=== Section Start ===
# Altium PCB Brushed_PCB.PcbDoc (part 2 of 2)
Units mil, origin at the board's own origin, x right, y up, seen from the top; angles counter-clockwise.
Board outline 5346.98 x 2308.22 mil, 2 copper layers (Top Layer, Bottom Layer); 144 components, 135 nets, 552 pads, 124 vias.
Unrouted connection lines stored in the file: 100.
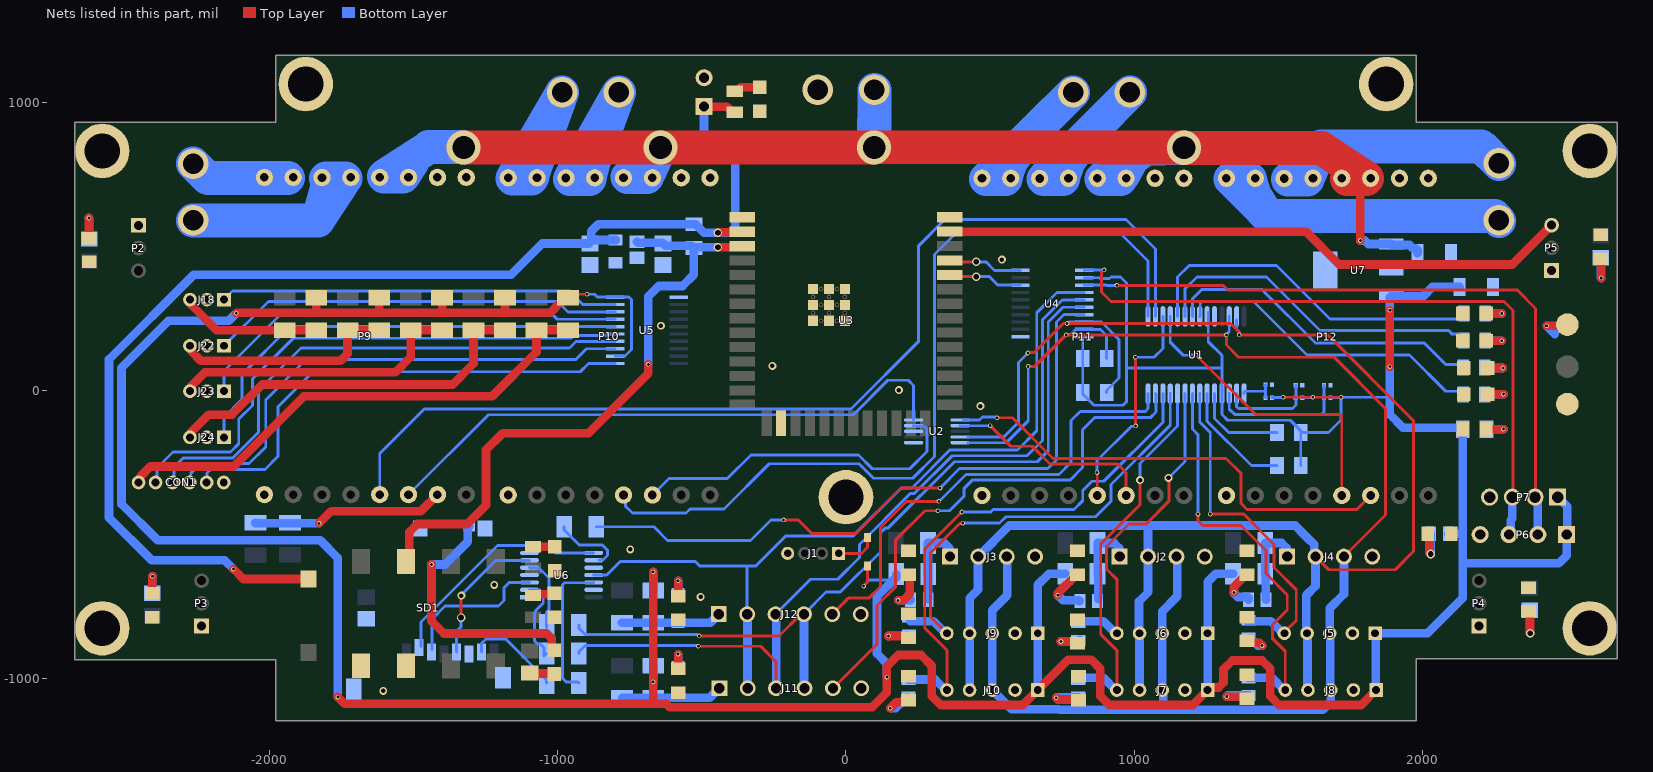
[diagram p2: the nets of this part, all layers, seen from the top]

## Via types
v1: diameter 15.75, hole 10, Top Layer to Bottom Layer, 88 vias
v2: diameter 29.53, hole 19.68, Top Layer to Bottom Layer, 20 vias
v3: diameter 27.56, hole 15.75, Top Layer to Bottom Layer, 12 vias
v4: diameter 118.11, hole 78.74, Top Layer to Bottom Layer, 4 vias

## Nets (pads, with @x,y where several pads share a name; then routed paths per layer and width w, separated by ;. In a path a pad name is that pad's centre, name@x,y a point inside that pad or via, vN(x,y) a via of type N, cw(c..) or ccw(c..) an arc to the next point about the centre after c; other vN are vias at no path point) (continued)
39: P5.3 U3.39 | length 2189.7
  Top Layer w30: U3.39@360.24,550.79 1595.87,550.79 1709.65,437.01 2310.16,437.01 P5.3@2446.37,573.21
+5: +.2 C7.1 D1.1 J5.1 J6.1 J7.1 J8.1 J9.1 J10.1 P6.1 P7.1 R1.2 R2.2 R3.2 R4.2 R34.2 T1.1 U1.9 U1.18 U4.2 U4.10 U5.2 U5.10 U7.3 W1.2 W3.2 W5.2 W7.2 W8.2 W9.2 W10.2 W18.2 W19.2 W20.2 W21.2 W22.2 W27.2 | length 16165.5
  Top Layer w10: W7.2@-964.01,320.98 -951.33,333.66 v1(-897.64,333.66) ; v1(60.82,-678.41) 60.82,-676.85 74.8,-662.87 D1.1@74.8,-608.27 ; v1(1515.75,-23.62) v1(1618.11,-23.62) v1(1716.54,-23.62)
  Top Layer w30: v1(-2114.17,267.72) -2112.87,269.02 -1836.87,269.02 ; W27.2@-1826.24,320.98 W27.2@-1836.87,320.98 -1836.87,269.02 ; v1(-1761.81,-1062.99) -1738.19,-1086.61 -668.49,-1086.61 ; -1618.65,272.64 W8.2@-1618.65,320.98 ; -1400.44,272.64 W9.2@-1400.44,320.98 ; W10.2@-1204.82,309.02 -1192.85,320.98 W10.2@-1182.22,320.98 -1182.22,269.02 ; W7.2@-964.01,320.98 -974.64,320.98 -1010.52,285.1 -1010.52,283.66 -1025.16,269.02 -1182.22,269.02 ; v1(-668.49,-628.34) -668.49,-1086.61 ; J8.1@1837.96,-1038.62 1786.35,-1090.24 1501.62,-1090.24 1471.38,-1060 1471.38,-965.04 1442.29,-935.95 1339.64,-935.95 1309.06,-966.54 1309.06,-1012.43 1291.48,-1030 1262.56,-1030 J7.1@1253.94,-1038.62 1202.32,-1090.24 912.5,-1090.24 881.89,-1059.63 881.89,-964.57 850.39,-933.07 770.28,-933.07 J10.1@664.73,-1038.62 613.12,-1090.24 328.39,-1090.24 297.24,-1059.09 297.24,-954.72 259.84,-917.32 181.1,-917.32 141.73,-956.69 v1(141.73,-993.68) 141.73,-1047.24 90.55,-1098.43 -610.68,-1098.43 -622.49,-1086.61 -668.49,-1086.61 ; v1(1885.83,82.68) v1(1885.83,278.07) ; v1(2429.13,224.41) 2497.01,224.41 T1.1@2500.8,228.2 ; -1836.87,269.02 -1182.22,269.02
  Bottom Layer w10: v1(-897.64,333.66) -872.05,333.66 -862.2,323.82 U5.10@-800.2,323.82 -752.95,323.82 -744.09,314.96 -744.09,142.17 -766.27,120 -799.29,120 U5.2@-800.2,119.09 ; v1(60.82,-678.41) 81.75,-657.48 W19.2@152.95,-657.48 ; U4.10@825.97,186.17 821.74,186.17 820.83,185.26 R3.2@820.83,110.24 R4.2@820.83,-6.4 820.83,-12.34 859.68,-51.18 960.63,-51.18 972.44,-39.37 972.44,77.69 ; U4.2@825.97,390.89 878.59,390.89 880.86,388.62 913.45,388.62 918.69,393.86 951.27,393.86 972.44,372.69 972.44,77.69 ; U1.9@1256.01,271.14 1256.01,169.18 1303.34,121.86 U1.18@1303.34,-10.68 1303.34,-82.86 1323.58,-103.11 1540.18,-103.11 1576.81,-139.73 R2.2@1576.81,-145.67 ; 1298.28,77.69 972.44,77.69 ; W5.2@1476.77,-24.75 1477.34,-24.19 1515.18,-24.19 v1(1515.75,-23.62) ; R1.2@1576.81,-259.84 R2.2@1576.81,-145.67 ; W3.2@1581.93,-24.75 1616.98,-24.75 v1(1618.11,-23.62) ; W1.2@1679.61,-24.75 1680.17,-24.19 1715.97,-24.19 v1(1716.54,-23.62) ; 1885.83,-17.07 1879.28,-23.62 v1(1716.54,-23.62) ; R2.2@1576.81,-145.67 1673.23,-145.67 1716.54,-102.36 v1(1716.54,-23.62)
  Bottom Layer w30: v1(-2114.17,267.72) -2140.25,241.64 -2348.91,241.64 -2511.81,78.74 -2511.81,-393.7 -2385.83,-519.68 -1822.83,-519.68 -1761.81,-580.71 v1(-1761.81,-1062.99) ; v1(-668.49,-1009.74) W21.2@-668.49,-953.79 ; v1(-668.49,-628.34) -667.9,-628.93 W22.2@-667.9,-693.44 ; v1(141.73,-993.68) 141.73,-946.55 107.43,-912.25 107.43,-713.63 173.88,-647.19 W19.2@173.88,-636.56 ; J10.1@664.73,-1038.62 J9.1@664.73,-841.77 664.73,-673.85 703.5,-635.08 W18.2@760.16,-635.08 ; J7.1@1253.94,-1038.62 J6.1@1253.94,-841.77 1253.94,-663.39 1282.24,-635.08 W20.2@1341.69,-635.08 ; J8.1@1837.96,-1038.62 1836.3,-1036.97 1836.3,-843.43 J5.1@1834.65,-841.77 2016.49,-841.77 2137.86,-720.41 2137.86,-599.5 ; v1(1885.83,82.68) 1885.83,-17.07 1885.83,-83.41 1931.4,-128.98 2132.35,-128.98 R34.2@2137.86,-134.48 2137.86,-496.36 ; v1(1885.83,278.07) 1885.83,323.07 1889.53,326.77 2001.1,326.77 2033.58,359.25 C7.1@2126.97,359.25 ; +.2@2088.06,-496.36 2137.86,-496.36 ; v1(2429.13,224.41) 2457.72,195.82 ; P7.1@2457.58,-359.75 2500.25,-402.42 2500.25,-498.08 P6.1@2498.67,-499.66 2498.67,-572.2 2471.37,-599.5 2137.86,-599.5 ; 2137.86,-599.5 2137.86,-496.36
Card_Detect: D12.1 SD1.9 | length 898
  Top Layer w30: v1(-1437.01,-603.31) -1437.01,-799.43 -1393.92,-842.52 -1037.46,-842.52 -1019.88,-860.09 -1019.88,-891.9 D12.1@-1011.26,-900.52
  Bottom Layer w30: v1(-1437.01,-603.31) -1390.05,-603.31 -1311.38,-524.64 -1311.38,-473.43 -1307.68,-469.73 SD1.9@-1306.69,-469.73
EN: C3.2 C5.2 R5.1 SW4.1 U3.3 | length 2195.1
  Top Layer w30: SW4.1@-1525.59,-592.72 -1525.35,-592.96 -1519.69,-592.96 -1513.78,-587.05 -1513.78,-490.4 -1486.22,-462.84 -1313.23,-462.84 -1248.03,-397.64 -1248.03,-205.8 -1190.25,-148.02 -892.76,-148.02 -685.04,59.69 v1(-685.04,90.55) ; v2(-443.9,496.06) -370.08,496.06 U3.3@-368.11,498.03
  Bottom Layer w30: C3.2@-724.58,515.75 -721.62,512.8 -636.81,512.8 C5.2@-633.86,509.84 -625.77,501.75 -535.6,501.75 R5.1@-527.52,493.67 ; v1(-685.04,90.55) -685.04,326.77 -649.61,362.2 -566.93,362.2 -527.52,401.62 R5.1@-527.52,493.67 ; v2(-443.9,496.06) -525.12,496.06 R5.1@-527.52,493.67
GND: C1.2 C2.2 C3.1 C4.1 C5.1 C6.2 C7.2 CON1.6 D2.1 D3.1 D4.1 D5.1 D6.1 D7.1 D8.1 D9.1 D10.1 D11.1 D13.1 D14.1 D15.1 D16.1 D17.1 D18.1 D19.1 D20.1 DS1.2 DS2.2 DS3.2 DS4.2 DS5.2 DS6.2 J1.4 J2.4 J3.4 J4.4 J5.2 J6.2 J7.2 J8.2 J9.2 J10.2 J11.6 J12.6 J18.2 J22.2 J23.2 J24.2 J?.P$2 P1.2 P2.1 P3.1 P4.1 P5.1 P6.4 P7.4 P9.1 P9.12 P10.1 P10.12 P11.1 P11.12 P12.1 P12.12 pad.O SD1.6 SD1.10 SD1.11 SD1.12 SD1.13 SW3.2 SW4.2 T3.1 U1.10 U2.1 U2.3 U3.1 U3.16 U3.40 U3.41 U4.11 U5.11 U6.1 U6.4 U6.7 U6.10 U6.13 U7.2 U7.4 W2.1 W4.1 W6.1
  other v3: -1604.33,-1041.34 -503.94,-715.55 -1219.49,-674.21 -748.03,-551.18 465.55,-54.13 183.07,0.98 -254.92,85.63 -641.73,224.41 540.35,453.74
I2C_1: J2.1 R13.2 W15.1 W18.1 | length 305.8
  Bottom Layer w30: W18.1@872.87,-635.08 872.87,-528.78 929.28,-528.78 946.85,-546.36 946.85,-574.06 J2.1@948.82,-576.03 ; R13.2@874.35,-724.3 W18.1@874.35,-636.56
I2C_2: J3.1 R14.2 W16.1 W19.1 | length 305.8
  Bottom Layer w30: W19.1@284.29,-635.08 W16.1@284.29,-528.78 340.69,-528.78 358.27,-546.36 358.27,-574.06 J3.1@360.24,-576.03 ; R14.2@285.77,-724.3 W19.1@285.77,-636.56
I2C_3: J4.1 R15.2 W17.1 W20.1 | length 310
  Bottom Layer w30: R15.2@1456.53,-725.78 1455.06,-724.3 1455.06,-636.56 W20.1@1453.58,-635.08 W17.1@1453.58,-528.78 1509.99,-528.78 1527.56,-546.36 1527.56,-574.06 J4.1@1529.53,-576.03
I.AIN0: P9.6 U2.5 | length 2041.7
  Bottom Layer w10: P9.6@-1516.61,-361.16 -1239.54,-84.09 25.54,-84.09 145.07,35.43 215.55,35.43 234.25,16.73 U2.5@234.25,-102.05
I.AIN1: P10.6 U2.4 | length 1182.4
  Bottom Layer w10: P10.6@-671.18,-362.65 -614.21,-305.68 -411.4,-305.68 -329.82,-224.09 43.72,-224.09 90.96,-271.34 220.79,-271.34 280.59,-211.54 280.59,-133.95 269.03,-122.39 234.6,-122.39 U2.4@234.25,-122.05
I.AIN2: P11.6 U2.7 | length 722.8
  Top Layer w10: v1(500,-122.05) 571.39,-193.43 645.66,-193.43 707.58,-255.35 941.96,-255.35 971.29,-284.69 P11.6@971.29,-364.22
  Bottom Layer w10: U2.7@395.67,-122.05 395.98,-122.36 499.68,-122.36 v1(500,-122.05)
I.AIN3: P12.6 U2.6 | length 1629.2
  Top Layer w10: v1(523.62,-94.49) 576.77,-94.49 717.64,-235.35 1318.03,-235.35 1370.08,-287.4 1370.08,-391.62 1390.67,-412.22 1770.94,-412.22 P12.6@1818.93,-364.22
  Bottom Layer w10: U2.6@407.3,-102.36 463.18,-102.36 473.18,-92.36 519.94,-92.36 522.07,-94.49 v1(523.62,-94.49)
IO0: J5.5 R16.2 U1.21 | length 1199.7
  Top Layer w10: v1(1262.74,-428.62) 1378.8,-428.62 1483.98,-533.8 1483.98,-613.54 1561.02,-690.59 1561.02,-797 1519.69,-838.34 J5.5@1519.69,-841.77
  Bottom Layer w10: U1.21@1226.57,-10.68 1226.57,-109.18 1262.74,-145.36 v1(1262.74,-428.62)
  Bottom Layer w30: R16.2@1392.17,-799.57 1472.82,-799.57 1515.02,-841.77 J5.5@1519.69,-841.77
IO1: J8.5 R19.2 U1.22 | length 1431.4
  Top Layer w10: v1(1220.47,-428.62) 1220.47,-451.68 1237.1,-468.31 1369.2,-468.31 1455.79,-554.9 1455.79,-634.75 1530.01,-708.97 1530.01,-761.01 1478.07,-812.95 1478.07,-859.01 1523,-903.94 J8.5@1523,-1038.62
  Top Layer w30: J8.5@1518.33,-1038.62 J8.5@1523,-1038.62
  Bottom Layer w10: U1.22@1200.97,-10.68 1200.97,-134.05 1220.47,-153.54 v1(1220.47,-428.62)
  Bottom Layer w30: R19.2@1395.48,-996.42 1476.13,-996.42 1518.33,-1038.62 J8.5@1523,-1038.62
IO2: J6.5 R17.2 U1.23 | length 1128.3
  Top Layer w10: J6.5@938.98,-841.77 938.35,-841.77 938.98,-841.15 938.98,-654.54 903.27,-618.83 903.27,-541.01 981.72,-462.56 1040.83,-462.56 1119.29,-384.1 v3@1119.29,-314.41
  Bottom Layer w10: v3(1118.11,-303.15) 1175.38,-245.88 U1.23@1175.38,-10.68
  Bottom Layer w30: R17.2@811.46,-799.57 892.11,-799.57 934.31,-841.77 J6.5@938.98,-841.77
IO3: J7.5 R18.2 U1.24 | length 1271.9
  Top Layer w10: J7.5@938.35,-1038.62 938.98,-1038 938.98,-900.63 883.27,-844.92 883.27,-532.73 1019.68,-396.31 v3(1019.68,-311.02)
  Top Layer w30: J7.5@938.35,-1038.62 J7.5@938.98,-1038.62
  Bottom Layer w10: v3(1019.68,-311.02) 1019.68,-253.45 1149.79,-123.34 1149.79,-46.11
  Bottom Layer w30: R18.2@811.46,-996.42 892.11,-996.42 934.31,-1038.62 J7.5@938.98,-1038.62
IO4: J9.5 R20.2 U1.25 | length 1606.2
  Top Layer w10: J9.5@349.77,-841.77 293,-785 293,-562.7 394.63,-461.07 403.75,-461.07 v1(404.85,-459.97)
  Bottom Layer w10: v1(404.85,-459.97) 532.29,-459.97 554.27,-437.99 865.4,-437.99 919.29,-384.1 919.29,-325.57 1124.2,-120.65 U1.25@1124.2,-10.68
  Bottom Layer w30: R20.2@222.25,-799.57 302.9,-799.57 345.1,-841.77 J9.5@349.77,-841.77
IO5: J10.5 R21.2 U1.26 | length 1797
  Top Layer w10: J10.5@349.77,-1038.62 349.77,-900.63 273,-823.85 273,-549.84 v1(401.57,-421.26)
=== Section End ===
▶ TASK: Say how many lines in the records include the string "from", giving the figure by itself.

▶ ANSWER SECTION: 2